**Requirement**
Look through the data below for the string "Constant", and copy every line where it turns up.

(Records from a collection)
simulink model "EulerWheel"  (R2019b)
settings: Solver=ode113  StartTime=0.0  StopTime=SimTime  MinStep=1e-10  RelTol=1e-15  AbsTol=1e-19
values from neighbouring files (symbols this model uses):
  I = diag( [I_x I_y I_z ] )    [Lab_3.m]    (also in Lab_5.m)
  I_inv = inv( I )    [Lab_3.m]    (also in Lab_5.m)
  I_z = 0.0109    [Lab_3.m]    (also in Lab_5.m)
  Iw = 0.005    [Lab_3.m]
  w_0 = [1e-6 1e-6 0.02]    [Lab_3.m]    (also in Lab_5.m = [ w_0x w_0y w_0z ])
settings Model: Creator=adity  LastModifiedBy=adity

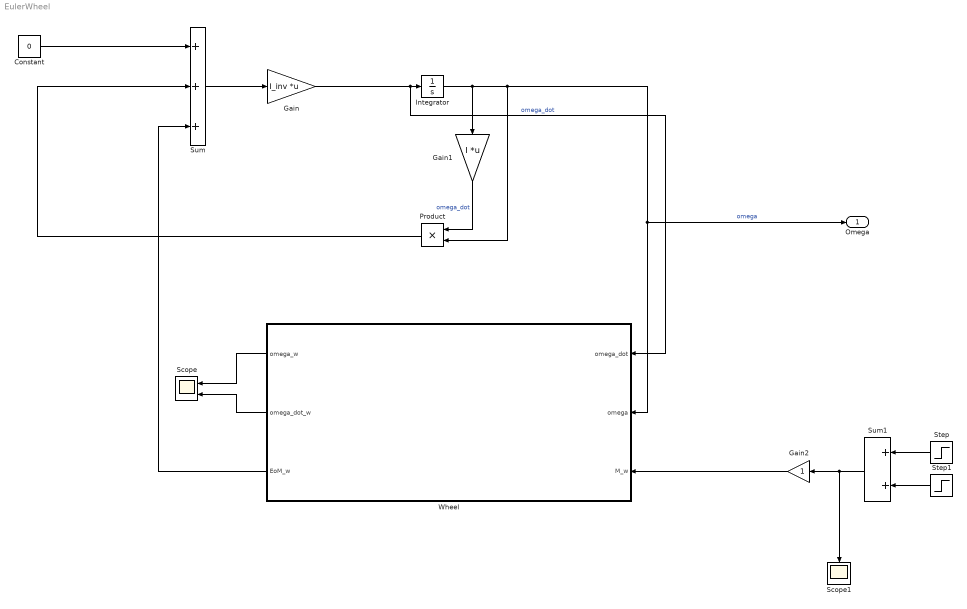
== system EulerWheel ==
  Constant : Constant  Value=0
  Gain : Gain  Gain=I_inv  Multiplication=Matrix(K*u) (u vector)
  Gain1 : Gain  Gain=I  Multiplication=Matrix(K*u) (u vector)
  Gain2 : Gain
  Integrator : Integrator  InitialCondition=w_0  AbsoluteTolerance=1e-19
  Product : Product
  Scope : Scope  NumInputPorts=2
  Scope1 : Scope
  Step : Step  Time=0  SampleTime=0
  Step1 : Step  Time=0.1  Before=1  After=0  SampleTime=0
  Sum : Sum  Inputs=+++
  Sum1 : Sum
  Wheel : Subsystem
  Omega : Outport
  wires:
  Wheel/3(EoM_w) -> Sum/3
  Sum/1 -> Gain/1
  Gain/1 -> Wheel/1(omega_dot), Integrator/1  "omega_dot"
  Integrator/1 -> Product/2, Omega/1, Wheel/2(omega), Gain1/1  "omega"
  Gain1/1 -> Product/1  "omega_dot"
  Product/1 -> Sum/2
  Wheel/1(omega_w) -> Scope/1
  Wheel/2(omega_dot_w) -> Scope/2
  Constant/1 -> Sum/1
  Step/1 -> Sum1/1
  Step1/1 -> Sum1/2
  Sum1/1 -> Gain2/1, Scope1/1
  Gain2/1 -> Wheel/3(M_w)

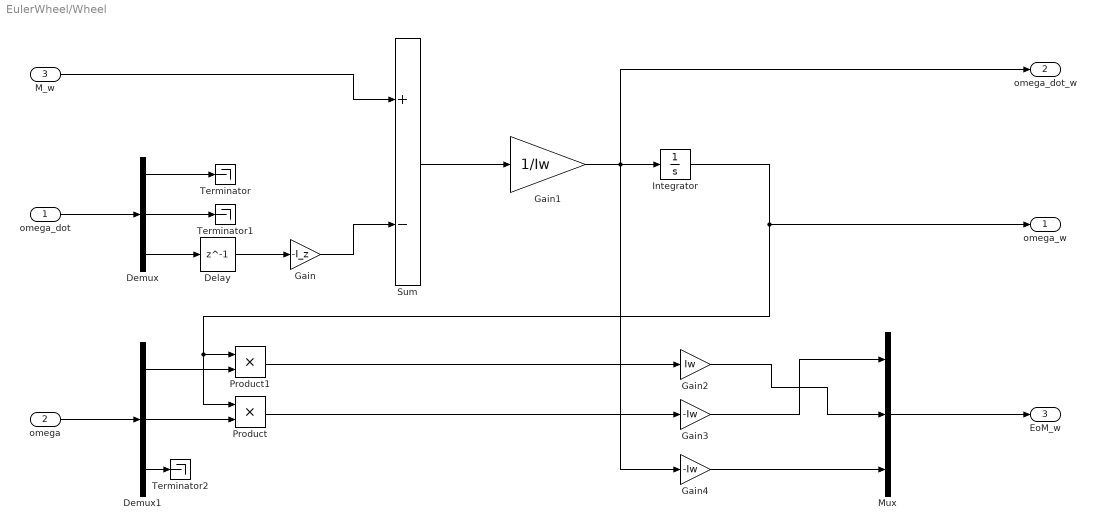
== system EulerWheel/Wheel ==
  omega_dot : Inport
  omega : Inport  Port=2
  M_w : Inport  Port=3
  Delay : Delay  DelayLength=1
  Demux : Demux  Outputs=3
  Demux1 : Demux  Outputs=3
  Gain : Gain  Gain=-I_z
  Gain1 : Gain  Gain=1/Iw
  Gain2 : Gain  Gain=Iw
  Gain3 : Gain  Gain=-Iw
  Gain4 : Gain  Gain=-Iw
  Integrator : Integrator
  Mux : Mux  Inputs=3
  Product : Product
  Product1 : Product
  Sum : Sum  Inputs=+-
  Terminator : Terminator
  Terminator1 : Terminator
  Terminator2 : Terminator
  omega_w : Outport
  omega_dot_w : Outport  Port=2
  EoM_w : Outport  Port=3
  wires:
  omega_dot/1 -> Demux/1
  Demux/2 -> Terminator1/1
  Demux/1 -> Terminator/1
  Demux/3 -> Delay/1
  Gain/1 -> Sum/2
  M_w/1 -> Sum/1
  Sum/1 -> Gain1/1
  Gain1/1 -> omega_dot_w/1, Gain4/1, Integrator/1
  omega/1 -> Demux1/1
  Demux1/3 -> Terminator2/1
  Integrator/1 -> Product1/1, Product/1, omega_w/1
  Demux1/2 -> Product/2
  Demux1/1 -> Product1/2
  Product1/1 -> Gain2/1
  Product/1 -> Gain3/1
  Gain4/1 -> Mux/3
  Gain3/1 -> Mux/1
  Gain2/1 -> Mux/2
  Mux/1 -> EoM_w/1
  Delay/1 -> Gain/1

**Response below**
  Constant : Constant  Value=0
  Constant/1 -> Sum/1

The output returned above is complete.